CREATE NONCLUSTERED INDEX [ix_Titulo_main_fields] ON [dbo].[BILLING]
(
    [PAYMENT_DATE] ASC,
    [DUE_DATE] DESC,
    [AMOUNT] ASC,
    [CUSTOMER_ID] ASC,
    [STATE] ASC,
    [DELAY_DAYS] ASC,
    [BRANCH_ID] ASC,
    [AGREEMENT_ID] ASC
)
INCLUDE (   [BILLING_CODE],
    [AGREEMENT_STATE],
)
GO;

In contrast, when I ask for the query plan on Management Studio, the SQL Server doesn't use this index and suggests me creating a new one:

CREATE NONCLUSTERED INDEX [ix_billing_due_date_amount] ON [dbo].[billing]
(
    [due_date] ASC,
    [amount] ASC
)
INCLUDE (   [customer_id],
    [delay_days])
GO

So, the doubts are:
does the covering index needs to be exactly what is the WHERE clause searching for?
If it's true, how can a covering index satisfy more than one query?
Otherwise, why don't the former index satisfy the query?

I really don't know where I've missed something...

Thanks in advance!


Solution

  • Order matters. Since your proposed index begins with [payment_date] but the query predicate does not include [payment_date], the index is not likely to be more advantageous than a table scan.

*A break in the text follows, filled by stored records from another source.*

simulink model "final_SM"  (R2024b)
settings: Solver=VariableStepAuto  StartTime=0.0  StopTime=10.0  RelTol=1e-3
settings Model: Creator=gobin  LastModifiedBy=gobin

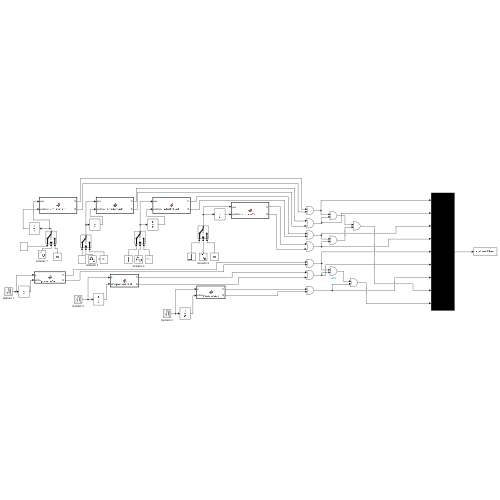
[thumbnail: Simulink's stored preview of the top-level diagram]
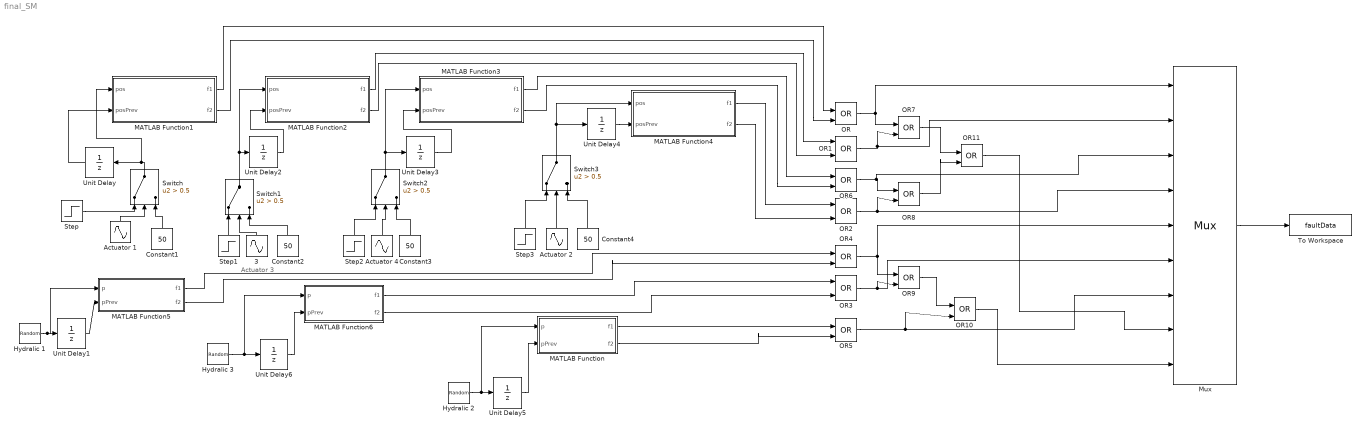
== system final_SM ==
  note: Actuator 3
  " 3" : Sin  Amplitude=5  SampleTime=0.01
  Actuator 1 : Sin  Amplitude=5  SampleTime=0.01
  Actuator 2 : Sin  Amplitude=5  SampleTime=0.01
  Actuator 4 : Sin  Amplitude=5  SampleTime=0.01
  Constant{1..4} (4 alike) : Constant  Value=50
  Hydralic 1 : RandomNumber  Mean=1250  Variance=150^2  SampleTime=0.01
  Hydralic 2 : RandomNumber  Mean=1250  Variance=150^2  SampleTime=0.01
  Hydralic 3 : RandomNumber  Mean=1250  Variance=150^2  SampleTime=0.01
  MATLAB Function : MATLAB Function  TreatAsAtomicUnit=on
  MATLAB Function1 : MATLAB Function  TreatAsAtomicUnit=on
  MATLAB Function2 : MATLAB Function  TreatAsAtomicUnit=on
  MATLAB Function3 : MATLAB Function  TreatAsAtomicUnit=on
  MATLAB Function4 : MATLAB Function  TreatAsAtomicUnit=on
  MATLAB Function5 : MATLAB Function  TreatAsAtomicUnit=on
  MATLAB Function6 : MATLAB Function  TreatAsAtomicUnit=on
  Mux : Mux  Inputs=9
  OR{,1..11} (12 alike) : Logic  Operator=OR  IconShape=distinctive  AllPortsSameDT=off  OutDataTypeStr=boolean
  Step{,1..3} (4 alike) : Step  Time=2  SampleTime=0
  Switch{,1..3} (4 alike) : Switch  Criteria=u2 > Threshold  Threshold=0.5  SaturateOnIntegerOverflow=off  InputSameDT=off
  To Workspace : ToWorkspace  VariableName=faultData  SampleTime=-1
  Unit Delay{,1..6} (7 alike) : UnitDelay  SampleTime=0.01  HasFrameUpgradeWarning=on
  wires:
  Unit Delay/1 -> MATLAB Function1/2(posPrev)
  Unit Delay2/1 -> MATLAB Function2/2(posPrev)
  Unit Delay3/1 -> MATLAB Function3/2(posPrev)
  Unit Delay4/1 -> MATLAB Function4/2(posPrev)
  Hydralic 1/1 -> MATLAB Function5/1(p), Unit Delay1/1
  Unit Delay1/1 -> MATLAB Function5/2(pPrev)
  Unit Delay6/1 -> MATLAB Function6/2(pPrev)
  Hydralic 3/1 -> Unit Delay6/1, MATLAB Function6/1(p)
  Unit Delay5/1 -> MATLAB Function/2(pPrev)
  Hydralic 2/1 -> Unit Delay5/1, MATLAB Function/1(p)
  MATLAB Function1/1(f1) -> OR/1
  MATLAB Function1/2(f2) -> OR/2
  MATLAB Function2/1(f1) -> OR1/1
  MATLAB Function2/2(f2) -> OR1/2
  MATLAB Function3/1(f1) -> OR6/1
  MATLAB Function3/2(f2) -> OR6/2
  MATLAB Function4/1(f1) -> OR2/1
  MATLAB Function4/2(f2) -> OR2/2
  MATLAB Function5/1(f1) -> OR4/1
  MATLAB Function5/2(f2) -> OR4/2
  MATLAB Function6/1(f1) -> OR3/1
  MATLAB Function6/2(f2) -> OR3/2
  MATLAB Function/1(f1) -> OR5/1
  MATLAB Function/2(f2) -> OR5/2
  Mux/1 -> To Workspace/1
  Actuator 1/1 -> Switch/2
  Switch/1 -> MATLAB Function1/1(pos), Unit Delay/1
  Step/1 -> Switch/1
  Constant1/1 -> Switch/3
  Switch1/1 -> Unit Delay2/1, MATLAB Function2/1(pos)
  Step1/1 -> Switch1/1
  " 3"/1 -> Switch1/2
  Constant2/1 -> Switch1/3
  Actuator 4/1 -> Switch2/2
  Constant3/1 -> Switch2/3
  Step2/1 -> Switch2/1
  Switch2/1 -> Unit Delay3/1, MATLAB Function3/1(pos)
  Actuator 2/1 -> Switch3/2
  Constant4/1 -> Switch3/3
  Step3/1 -> Switch3/1
  Switch3/1 -> Unit Delay4/1, MATLAB Function4/1(pos)
  OR1/1 -> Mux/2, OR7/2
  OR6/1 -> Mux/3, OR8/1
  OR2/1 -> Mux/4, OR8/2
  OR4/1 -> Mux/5, OR9/1
  OR3/1 -> Mux/6, OR9/2
  OR5/1 -> Mux/7, OR10/2
  OR9/1 -> OR10/1
  OR8/1 -> OR11/2
  OR7/1 -> OR11/1
  OR/1 -> Mux/1, OR7/1
  OR11/1 -> Mux/8
  OR10/1 -> Mux/9

== matlab function final_SM/MATLAB Function2 ==
  data: pos input; f1 output; posPrev input; f2 output
function [f1, f2] = actuatorFault(pos, posPrev)
f1 = abs(pos) > 10;                % Out of bounds
f2 = abs(pos - posPrev) > 5;      % Rapid movement
end

== matlab function final_SM/MATLAB Function3 ==
  data: pos input; f1 output; posPrev input; f2 output
function [f1, f2] = actuatorFault(pos, posPrev)
f1 = abs(pos) > 10;                % Out of bounds
f2 = abs(pos - posPrev) > 5;      % Rapid movement
end

== matlab function final_SM/MATLAB Function4 ==
  data: pos input; f1 output; posPrev input; f2 output
function [f1, f2] = actuatorFault(pos, posPrev)
f1 = abs(pos) > 10;                % Out of bounds
f2 = abs(pos - posPrev) > 5;      % Rapid movement
end

== matlab function final_SM/MATLAB Function ==
  data: p input; f1 output; pPrev input; f2 output
function [f1, f2] = pressureFault(p, pPrev)
f1 = (p < 500) | (p > 1500);      % Out of range
f2 = abs(p - pPrev) > 100;         % Rapid change
end

== matlab function final_SM/MATLAB Function5 ==
  data: p input; f1 output; pPrev input; f2 output
function [f1, f2] = pressureFault(p, pPrev)
f1 = (p < 500) | (p > 1500);      % Out of range
f2 = abs(p - pPrev) > 100;         % Rapid change
end

== matlab function final_SM/MATLAB Function6 ==
  data: p input; f1 output; pPrev input; f2 output
function [f1, f2] = pressureFault(p, pPrev)
f1 = (p < 500) | (p > 1500);      % Out of range
f2 = abs(p - pPrev) > 100;         % Rapid change
end

== matlab function final_SM/MATLAB Function1 ==
  data: pos input; f1 output; posPrev input; f2 output
function [f1, f2] = actuatorFault(pos, posPrev)
f1 = abs(pos) > 10;                % Out of bounds
f2 = abs(pos - posPrev) > 4;      % Rapid movement
end

    It is possible to have a single index cover multiple queries. The first listed field of the index will almost always need be in the predicate of all the queries. For improved results, also apply this logic to the 2nd field, 3rd field, etc.

    When there is more than one choice for a position, one choice may perform better than another.

    Side note: Oracle has a feature called "index skip scan" that allows an index to be used even if the leading column is not in the predicate. It is effective when the leading column has few distinct values (from learningintheopen.org).